藤原道綱母
藤原道綱母(ふじわらのみちつな の はは)は、平安時代中期の歌人。『蜻蛉日記』の作者。藤原倫寧の娘。藤原道綱の母。
藤原道綱母(百人一首より) | |
時代 | 平安時代中期 |
生誕 | 承平6年(936年)? |
死没 | 長徳元年5月2日(995年6月2日) |
別名 | 道綱母、傅大納言母、傅殿母 |
氏族 | 藤原北家 |
父母 |
父:藤原倫寧 母:藤原春道の娘? |
兄弟 | 藤原理能、藤原道綱母、藤原長能、藤原為雅室、菅原孝標室 |
夫 | 藤原兼家 |
子 | 藤原道綱 |
特記 事項 | 『蜻蛉日記』作者 |
経歴
編集出生
編集藤原倫寧の娘として、936年ごろに誕生したと推定される[1]。彼女の母について諸説ある。道綱母集の勘物では源認の娘(藤原長能の母)とされるが、蜻蛉日記中で描かれる彼女の母の死(964年)は『長能集』から推定される源認女の死亡時期と一致しない。
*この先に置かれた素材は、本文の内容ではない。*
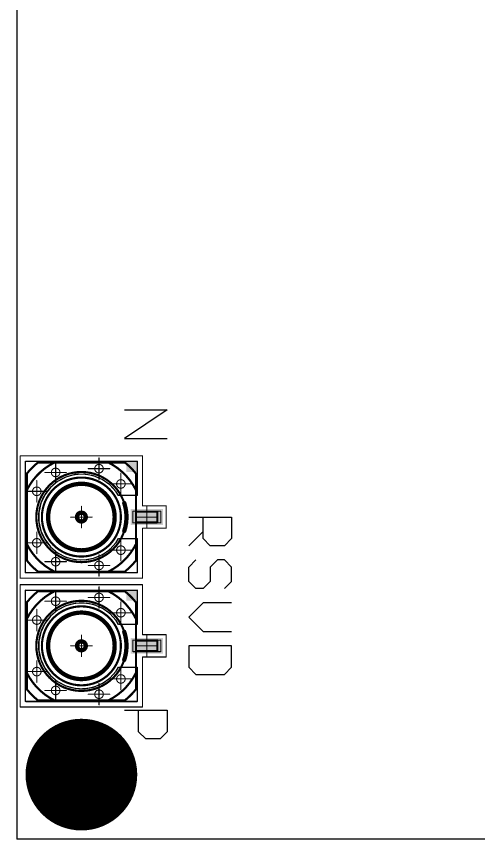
# Model space of a CAD drawing. Header units: millimetres. Extents: x 30 to 73, y 30 to 110.
# Drawn here: x 29.97 to 51.5, y 29.98 to 68.32 of the extents above; entities that cross this region are included whole.
import ezdxf

# ---------------------------------------------------------------- set-up
doc = ezdxf.new("R2010")
doc.units = ezdxf.units.MM
for name, color, linetype in [('BottomLayer', 5, 'Continuous'), ('BottomSolder', 6, 'Continuous'), ('Mechanical1', 6, 'Continuous'), ('Mechanical14', 56, 'Continuous'), ('Mechanical15', 56, 'Continuous'), ('Mechanical8', 56, 'Continuous'), ('MultiLayer', 9, 'Continuous'), ('PadHoleLayer', 156, 'Continuous'), ('TopLayer', 1, 'Continuous'), ('TopOverlay', 2, 'Continuous'), ('TopPaste', 8, 'Continuous'), ('TopSolder', 216, 'Continuous')]:
    doc.layers.add(name, color=color, linetype=linetype)

# ---------------------------------------------------------------- blocks, each defined once
blk = doc.blocks.new('MOLEX_85305_0232_7')
at = {"layer": 'Mechanical14', "const_width": 0.1}
for points in [[(0.25, 3.54), (-0.25, 3.54)], [(-0.25, 2.54), (-0.25, 3.54)], [(0.25, 2.54), (0.25, 3.54)], [(2.027, 2.54), (-2.028, 2.54)], [(-2.54, -2.028), (-2.54, 2.028)], [(2.54, -2.028), (2.54, 2.028)], [(2.027, -2.54), (-2.028, -2.54)]]:
    blk.add_lwpolyline(points, dxfattribs=at)
at = {"layer": 'Mechanical14'}
for points, const_width in [([(-0.275, 3.54, 1), (-0.225, 3.54, 1)], 0.05), ([(-0.275, 3.54, 1), (-0.225, 3.54, 1)], 0.05), ([(0.225, 3.54, 1), (0.275, 3.54, 1)], 0.05), ([(0.225, 3.54, 1), (0.275, 3.54, 1)], 0.05), ([(-2.053, 2.54, 1), (-2.003, 2.54, 1)], 0.05), ([(-2.053, 2.54, 1), (-2.003, 2.54, 1)], 0.05), ([(-1.284, 2.54, 1), (-1.234, 2.54, 1)], 0.05), ([(-0.275, 2.54, 1), (-0.225, 2.54, 1)], 0.05), ([(0.225, 2.54, 1), (0.275, 2.54, 1)], 0.05), ([(1.234, 2.54, 1), (1.284, 2.54, 1)], 0.05), ([(2.002, 2.54, 1), (2.052, 2.54, 1)], 0.05), ([(2.002, 2.54, 1), (2.052, 2.54, 1)], 0.05), ([(-2.565, 2.028, 1), (-2.515, 2.028, 1)], 0.05), ([(-2.565, 2.028, 1), (-2.515, 2.028, 1)], 0.05), ([(2.1, 0, 1), (-2.1, 0, 1)], 0.1), ([(2.515, 2.028, 1), (2.565, 2.028, 1)], 0.05), ([(2.515, 2.028, 1), (2.565, 2.028, 1)], 0.05), ([(1.84, 0, 1), (-1.84, 0, 1)], 0.1), ([(1.55, 0, 1), (-1.55, 0, 1)], 0.1), ([(-2.565, 1.259, 1), (-2.515, 1.259, 1)], 0.05), ([(2.515, 1.259, 1), (2.565, 1.259, 1)], 0.05), ([(-2.125, 0, 1), (-2.075, 0, 1)], 0.05), ([(-1.865, 0, 1), (-1.815, 0, 1)], 0.05), ([(-1.575, 0, 1), (-1.525, 0, 1)], 0.05), ([(0.205, 0, 1), (-0.205, 0, 1)], 0.1), ([(-0.23, 0, 1), (-0.18, 0, 1)], 0.05), ([(0.18, 0, 1), (0.23, 0, 1)], 0.05), ([(1.525, 0, 1), (1.575, 0, 1)], 0.05), ([(1.815, 0, 1), (1.865, 0, 1)], 0.05), ([(2.075, 0, 1), (2.125, 0, 1)], 0.05), ([(-2.565, -1.259, 1), (-2.515, -1.259, 1)], 0.05), ([(2.515, -1.259, 1), (2.565, -1.259, 1)], 0.05), ([(-2.565, -2.028, 1), (-2.515, -2.028, 1)], 0.05), ([(-2.565, -2.028, 1), (-2.515, -2.028, 1)], 0.05), ([(2.515, -2.028, 1), (2.565, -2.028, 1)], 0.05), ([(2.515, -2.028, 1), (2.565, -2.028, 1)], 0.05), ([(-2.053, -2.54, 1), (-2.003, -2.54, 1)], 0.05), ([(-2.053, -2.54, 1), (-2.003, -2.54, 1)], 0.05), ([(-1.284, -2.54, 1), (-1.234, -2.54, 1)], 0.05), ([(1.234, -2.54, 1), (1.284, -2.54, 1)], 0.05), ([(2.002, -2.54, 1), (2.052, -2.54, 1)], 0.05), ([(2.002, -2.54, 1), (2.052, -2.54, 1)], 0.05)]:
    blk.add_lwpolyline(points, format="xyb", close=True, dxfattribs=dict(at, const_width=const_width))
at = {"layer": 'Mechanical14', "const_width": 0.1}
for points in [[(-2.54, 1.259, -0.164024), (-1.259, 2.54)], [(-2.54, 2.028, -0.055923), (-2.028, 2.54)], [(1.259, 2.54, -0.164024), (2.54, 1.259)], [(2.027, 2.54, -0.055923), (2.54, 2.028)], [(-1.259, -2.54, -0.164024), (-2.54, -1.259)], [(2.54, -1.259, -0.164024), (1.259, -2.54)], [(-2.028, -2.54, -0.055923), (-2.54, -2.028)], [(2.54, -2.028, -0.055923), (2.027, -2.54)]]:
    blk.add_lwpolyline(points, format="xyb", dxfattribs=at)
at = {"layer": 'Mechanical15', "const_width": 0.05}
for points in [[(-0.52, 2.85), (-0.52, 3.95)], [(0.52, 3.95), (-0.52, 3.95)], [(0.52, 2.85), (0.52, 3.95)], [(-2.85, -2.85), (-2.85, 2.85)], [(-0.52, 2.85), (-2.85, 2.85)], [(2.85, 2.85), (0.52, 2.85)], [(2.85, -2.85), (2.85, 2.85)], [(2.85, -2.85), (-2.85, -2.85)]]:
    blk.add_lwpolyline(points, dxfattribs=at)
at = {"layer": 'Mechanical15', "const_width": 0.025}
for points in [[(-0.532, 3.95, 1), (-0.507, 3.95, 1)], [(-0.532, 3.95, 1), (-0.507, 3.95, 1)], [(0.507, 3.95, 1), (0.532, 3.95, 1)], [(0.507, 3.95, 1), (0.532, 3.95, 1)], [(-2.862, 2.85, 1), (-2.838, 2.85, 1)], [(-2.862, 2.85, 1), (-2.838, 2.85, 1)], [(-0.532, 2.85, 1), (-0.507, 2.85, 1)], [(-0.532, 2.85, 1), (-0.507, 2.85, 1)], [(0.507, 2.85, 1), (0.532, 2.85, 1)], [(0.507, 2.85, 1), (0.532, 2.85, 1)], [(2.838, 2.85, 1), (2.862, 2.85, 1)], [(2.838, 2.85, 1), (2.862, 2.85, 1)], [(-2.862, -2.85, 1), (-2.838, -2.85, 1)], [(-2.862, -2.85, 1), (-2.838, -2.85, 1)], [(2.838, -2.85, 1), (2.862, -2.85, 1)], [(2.838, -2.85, 1), (2.862, -2.85, 1)]]:
    blk.add_lwpolyline(points, format="xyb", close=True, dxfattribs=at)
at = {"layer": 'Mechanical8', "const_width": 0.05}
for points in [[(-0.27, 2.4), (-0.27, 3.7)], [(0.27, 3.7), (-0.27, 3.7)], [(0, 3.05), (0, 3.55)], [(0.27, 2.4), (0.27, 3.7)], [(0, 3.05), (-0.5, 3.05)], [(0.5, 3.05), (0, 3.05)], [(0, 2.55), (0, 3.05)], [(-1, 2.6), (-2.6, 2.6)], [(-2.6, -2.6), (-2.6, 2.6)], [(-1.543, 1.839), (-1.543, 2.339)], [(-1, 1.732), (-1, 2.6)], [(0.27, 2.4), (-0.27, 2.4)], [(1, 1.732), (1, 2.6)], [(2.6, 2.6), (1, 2.6)], [(1.543, 1.839), (1.543, 2.339)], [(2.6, -2.6), (2.6, 2.6)], [(-1.543, 1.839), (-2.043, 1.839)], [(-1.043, 1.839), (-1.543, 1.839)], [(-1.543, 1.339), (-1.543, 1.839)], [(1.543, 1.839), (1.043, 1.839)], [(2.043, 1.839), (1.543, 1.839)], [(1.543, 1.339), (1.543, 1.839)], [(-2.255, 0.821), (-2.255, 1.321)], [(2.255, 0.821), (2.255, 1.321)], [(-2.255, 0.821), (-2.755, 0.821)], [(-1.755, 0.821), (-2.255, 0.821)], [(-2.255, 0.321), (-2.255, 0.821)], [(2.255, 0.821), (1.755, 0.821)], [(2.755, 0.821), (2.255, 0.821)], [(2.255, 0.321), (2.255, 0.821)], [(0, 0), (0, 0.5)], [(0, 0), (-0.5, 0)], [(0.5, 0), (0, 0)], [(0, -0.5), (0, 0)], [(-2.079, -1.2), (-2.079, -0.7)], [(2.078, -1.2), (2.078, -0.7)], [(-2.079, -1.2), (-2.579, -1.2)], [(-1.579, -1.2), (-2.079, -1.2)], [(-2.079, -1.7), (-2.079, -1.2)], [(2.078, -1.2), (1.578, -1.2)], [(2.578, -1.2), (2.078, -1.2)], [(2.078, -1.7), (2.078, -1.2)], [(-1.2, -2.078), (-1.2, -1.578)], [(1.2, -2.078), (1.2, -1.578)], [(-1.2, -2.078), (-1.7, -2.078)], [(-0.7, -2.078), (-1.2, -2.078)], [(-1.2, -2.578), (-1.2, -2.078)], [(1.2, -2.078), (0.7, -2.078)], [(1.7, -2.078), (1.2, -2.078)], [(1.2, -2.578), (1.2, -2.078)], [(2.6, -2.6), (-2.6, -2.6)]]:
    blk.add_lwpolyline(points, dxfattribs=at)
at = {"layer": 'Mechanical8'}
for points, const_width in [([(-0.283, 3.7, 1), (-0.258, 3.7, 1)], 0.025), ([(-0.283, 3.7, 1), (-0.258, 3.7, 1)], 0.025), ([(-0.013, 3.55, 1), (0.012, 3.55, 1)], 0.025), ([(0.257, 3.7, 1), (0.282, 3.7, 1)], 0.025), ([(0.257, 3.7, 1), (0.282, 3.7, 1)], 0.025), ([(-0.513, 3.05, 1), (-0.488, 3.05, 1)], 0.025), ([(-0.013, 3.05, 1), (0.012, 3.05, 1)], 0.025), ([(-0.013, 3.05, 1), (0.012, 3.05, 1)], 0.025), ([(-0.013, 3.05, 1), (0.012, 3.05, 1)], 0.025), ([(-0.013, 3.05, 1), (0.012, 3.05, 1)], 0.025), ([(0.487, 3.05, 1), (0.512, 3.05, 1)], 0.025), ([(-2.613, 2.6, 1), (-2.588, 2.6, 1)], 0.025), ([(-2.613, 2.6, 1), (-2.588, 2.6, 1)], 0.025), ([(-1.555, 2.339, 1), (-1.53, 2.339, 1)], 0.025), ([(-1.013, 2.6, 1), (-0.988, 2.6, 1)], 0.025), ([(-1.013, 2.6, 1), (-0.988, 2.6, 1)], 0.025), ([(-0.283, 2.4, 1), (-0.258, 2.4, 1)], 0.025), ([(-0.283, 2.4, 1), (-0.258, 2.4, 1)], 0.025), ([(-0.013, 2.55, 1), (0.012, 2.55, 1)], 0.025), ([(0.257, 2.4, 1), (0.282, 2.4, 1)], 0.025), ([(0.257, 2.4, 1), (0.282, 2.4, 1)], 0.025), ([(0.987, 2.6, 1), (1.012, 2.6, 1)], 0.025), ([(0.987, 2.6, 1), (1.012, 2.6, 1)], 0.025), ([(1.53, 2.339, 1), (1.555, 2.339, 1)], 0.025), ([(2.587, 2.6, 1), (2.612, 2.6, 1)], 0.025), ([(2.587, 2.6, 1), (2.612, 2.6, 1)], 0.025), ([(-1.343, 1.839, 1), (-1.743, 1.839, 1)], 0.05), ([(1.743, 1.839, 1), (1.343, 1.839, 1)], 0.05), ([(-2.055, 1.839, 1), (-2.03, 1.839, 1)], 0.025), ([(-1.755, 1.839, 1), (-1.73, 1.839, 1)], 0.025), ([(-1.555, 1.839, 1), (-1.53, 1.839, 1)], 0.025), ([(-1.555, 1.839, 1), (-1.53, 1.839, 1)], 0.025), ([(-1.555, 1.839, 1), (-1.53, 1.839, 1)], 0.025), ([(-1.555, 1.839, 1), (-1.53, 1.839, 1)], 0.025), ([(-1.355, 1.839, 1), (-1.33, 1.839, 1)], 0.025), ([(-1.055, 1.839, 1), (-1.03, 1.839, 1)], 0.025), ([(-1.013, 1.732, 1), (-0.988, 1.732, 1)], 0.025), ([(-1.013, 1.732, 1), (-0.988, 1.732, 1)], 0.025), ([(0.987, 1.732, 1), (1.012, 1.732, 1)], 0.025), ([(0.987, 1.732, 1), (1.012, 1.732, 1)], 0.025), ([(1.03, 1.839, 1), (1.055, 1.839, 1)], 0.025), ([(1.33, 1.839, 1), (1.355, 1.839, 1)], 0.025), ([(1.53, 1.839, 1), (1.555, 1.839, 1)], 0.025), ([(1.53, 1.839, 1), (1.555, 1.839, 1)], 0.025), ([(1.53, 1.839, 1), (1.555, 1.839, 1)], 0.025), ([(1.53, 1.839, 1), (1.555, 1.839, 1)], 0.025), ([(1.73, 1.839, 1), (1.755, 1.839, 1)], 0.025), ([(2.03, 1.839, 1), (2.055, 1.839, 1)], 0.025), ([(-2.268, 1.321, 1), (-2.243, 1.321, 1)], 0.025), ([(-1.555, 1.339, 1), (-1.53, 1.339, 1)], 0.025), ([(1.53, 1.339, 1), (1.555, 1.339, 1)], 0.025), ([(2.243, 1.321, 1), (2.268, 1.321, 1)], 0.025), ([(-2.768, 0.821, 1), (-2.743, 0.821, 1)], 0.025), ([(-2.055, 0.821, 1), (-2.455, 0.821, 1)], 0.05), ([(-2.468, 0.821, 1), (-2.443, 0.821, 1)], 0.025), ([(-2.268, 0.821, 1), (-2.243, 0.821, 1)], 0.025), ([(-2.268, 0.821, 1), (-2.243, 0.821, 1)], 0.025), ([(-2.268, 0.821, 1), (-2.243, 0.821, 1)], 0.025), ([(-2.268, 0.821, 1), (-2.243, 0.821, 1)], 0.025), ([(-2.068, 0.821, 1), (-2.043, 0.821, 1)], 0.025), ([(-1.768, 0.821, 1), (-1.743, 0.821, 1)], 0.025), ([(1.743, 0.821, 1), (1.768, 0.821, 1)], 0.025), ([(2.455, 0.821, 1), (2.055, 0.821, 1)], 0.05), ([(2.043, 0.821, 1), (2.068, 0.821, 1)], 0.025), ([(2.243, 0.821, 1), (2.268, 0.821, 1)], 0.025), ([(2.243, 0.821, 1), (2.268, 0.821, 1)], 0.025), ([(2.243, 0.821, 1), (2.268, 0.821, 1)], 0.025), ([(2.243, 0.821, 1), (2.268, 0.821, 1)], 0.025), ([(2.443, 0.821, 1), (2.468, 0.821, 1)], 0.025), ([(2.743, 0.821, 1), (2.768, 0.821, 1)], 0.025), ([(-0.013, 0.5, 1), (0.012, 0.5, 1)], 0.025), ([(-2.268, 0.321, 1), (-2.243, 0.321, 1)], 0.025), ([(-0.513, 0, 1), (-0.488, 0, 1)], 0.025), ([(-0.013, 0, 1), (0.012, 0, 1)], 0.025), ([(-0.013, 0, 1), (0.012, 0, 1)], 0.025), ([(-0.013, 0, 1), (0.012, 0, 1)], 0.025), ([(-0.013, 0, 1), (0.012, 0, 1)], 0.025), ([(0.487, 0, 1), (0.512, 0, 1)], 0.025), ([(2.243, 0.321, 1), (2.268, 0.321, 1)], 0.025), ([(-2.091, -0.7, 1), (-2.066, -0.7, 1)], 0.025), ([(-0.013, -0.5, 1), (0.012, -0.5, 1)], 0.025), ([(2.066, -0.7, 1), (2.091, -0.7, 1)], 0.025), ([(-1.879, -1.2, 1), (-2.279, -1.2, 1)], 0.05), ([(2.278, -1.2, 1), (1.878, -1.2, 1)], 0.05), ([(-2.591, -1.2, 1), (-2.566, -1.2, 1)], 0.025), ([(-2.291, -1.2, 1), (-2.266, -1.2, 1)], 0.025), ([(-2.091, -1.2, 1), (-2.066, -1.2, 1)], 0.025), ([(-2.091, -1.2, 1), (-2.066, -1.2, 1)], 0.025), ([(-2.091, -1.2, 1), (-2.066, -1.2, 1)], 0.025), ([(-2.091, -1.2, 1), (-2.066, -1.2, 1)], 0.025), ([(-1.891, -1.2, 1), (-1.866, -1.2, 1)], 0.025), ([(-1.591, -1.2, 1), (-1.566, -1.2, 1)], 0.025), ([(1.566, -1.2, 1), (1.591, -1.2, 1)], 0.025), ([(1.866, -1.2, 1), (1.891, -1.2, 1)], 0.025), ([(2.066, -1.2, 1), (2.091, -1.2, 1)], 0.025), ([(2.066, -1.2, 1), (2.091, -1.2, 1)], 0.025), ([(2.066, -1.2, 1), (2.091, -1.2, 1)], 0.025), ([(2.066, -1.2, 1), (2.091, -1.2, 1)], 0.025), ([(2.266, -1.2, 1), (2.291, -1.2, 1)], 0.025), ([(2.566, -1.2, 1), (2.591, -1.2, 1)], 0.025), ([(-2.091, -1.7, 1), (-2.066, -1.7, 1)], 0.025), ([(-1, -2.078, 1), (-1.4, -2.078, 1)], 0.05), ([(-1.213, -1.578, 1), (-1.188, -1.578, 1)], 0.025), ([(1.4, -2.078, 1), (1, -2.078, 1)], 0.05), ([(1.187, -1.578, 1), (1.212, -1.578, 1)], 0.025), ([(2.066, -1.7, 1), (2.091, -1.7, 1)], 0.025), ([(-1.713, -2.078, 1), (-1.688, -2.078, 1)], 0.025), ([(-1.413, -2.078, 1), (-1.388, -2.078, 1)], 0.025), ([(-1.213, -2.078, 1), (-1.188, -2.078, 1)], 0.025), ([(-1.213, -2.078, 1), (-1.188, -2.078, 1)], 0.025), ([(-1.213, -2.078, 1), (-1.188, -2.078, 1)], 0.025), ([(-1.213, -2.078, 1), (-1.188, -2.078, 1)], 0.025), ([(-1.013, -2.078, 1), (-0.988, -2.078, 1)], 0.025), ([(-0.713, -2.078, 1), (-0.688, -2.078, 1)], 0.025), ([(0.687, -2.078, 1), (0.712, -2.078, 1)], 0.025), ([(0.987, -2.078, 1), (1.012, -2.078, 1)], 0.025), ([(1.187, -2.078, 1), (1.212, -2.078, 1)], 0.025), ([(1.187, -2.078, 1), (1.212, -2.078, 1)], 0.025), ([(1.187, -2.078, 1), (1.212, -2.078, 1)], 0.025), ([(1.187, -2.078, 1), (1.212, -2.078, 1)], 0.025), ([(1.387, -2.078, 1), (1.412, -2.078, 1)], 0.025), ([(1.687, -2.078, 1), (1.712, -2.078, 1)], 0.025), ([(-2.613, -2.6, 1), (-2.588, -2.6, 1)], 0.025), ([(-2.613, -2.6, 1), (-2.588, -2.6, 1)], 0.025), ([(-1.213, -2.578, 1), (-1.188, -2.578, 1)], 0.025), ([(1.187, -2.578, 1), (1.212, -2.578, 1)], 0.025), ([(2.587, -2.6, 1), (2.612, -2.6, 1)], 0.025), ([(2.587, -2.6, 1), (2.612, -2.6, 1)], 0.025)]:
    blk.add_lwpolyline(points, format="xyb", close=True, dxfattribs=dict(at, const_width=const_width))
at = {"layer": 'Mechanical8', "const_width": 0.05}
blk.add_lwpolyline([(1, 1.732, -3.732051), (-1, 1.732)], format="xyb", dxfattribs=at)
at = {"layer": 'TopLayer'}
for p, q in [((-2.6, -2.6), (-2.6, 2.6)), ((-2.6, 2.6), (-1, 2.6)), ((-1, 2.6), (-1, 1.732)), ((1, 1.732), (1, 2.6)), ((1, 2.6), (2.6, 2.6)), ((2.6, 2.6), (2.6, -2.6)), ((-1.183, 1.613), (-1.504, 1.319)), ((-1, 1.732), (-1.183, 1.613)), ((1.183, 1.613), (1, 1.732)), ((1, 1.732), (1, 1.732)), ((1.504, 1.319), (1.183, 1.613)), ((-1.504, 1.319), (-1.754, 0.962)), ((1.753, 0.962), (1.504, 1.319)), ((-1.754, 0.962), (-1.92, 0.56)), ((1.92, 0.56), (1.753, 0.962)), ((-1.92, 0.56), (-1.996, 0.131)), ((1.996, 0.131), (1.92, 0.56)), ((-1.996, 0.131), (-1.977, -0.304)), ((1.977, -0.304), (1.996, 0.131)), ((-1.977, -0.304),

日記から彼女は同母兄弟を持つと推察されること、また『尊卑分脈』から倫寧の男子に藤原理能・長能の2人が確認できることから、彼女の母は理能と同じ藤原春道(主殿頭)の娘と推測されている[2]。
兼家との結婚生活
編集天暦8年(954年)に藤原兼家の妻の一人になり、天暦9年(955年)に道綱を儲けた。安和元年(968年)の初めごろに東宮(後の円融天皇)の親代わりであった藤原登子と交流し[3]、安和2年(969年)に安和の変で太宰権帥に左遷された源高明の北の方愛宮に長歌を贈った。天禄元年(970年)1月ごろに兼家は東三条殿に移り住み、同年4月から道綱母家への来訪が激減する。翌年2月ごろ、故藤原実頼の召人であった近江(藤原国章の娘、後の対御方)が兼家の妻の一人となる[4]。天禄3年(972年)に兼家の旧妻である源兼忠女の娘を引き取り養女にし、同4年の8月末に中川に転居した。同5年に兼家の異母弟の藤原遠度が養女に求婚するも結婚には至らなかった[5]。天暦8年から天禄5年(974年)までの二十年間の兼家との結婚生活の様子などを『蜻蛉日記』につづった。『蜻蛉日記』は没年より約20年前、39歳の大晦日を最後に筆が途絶えている。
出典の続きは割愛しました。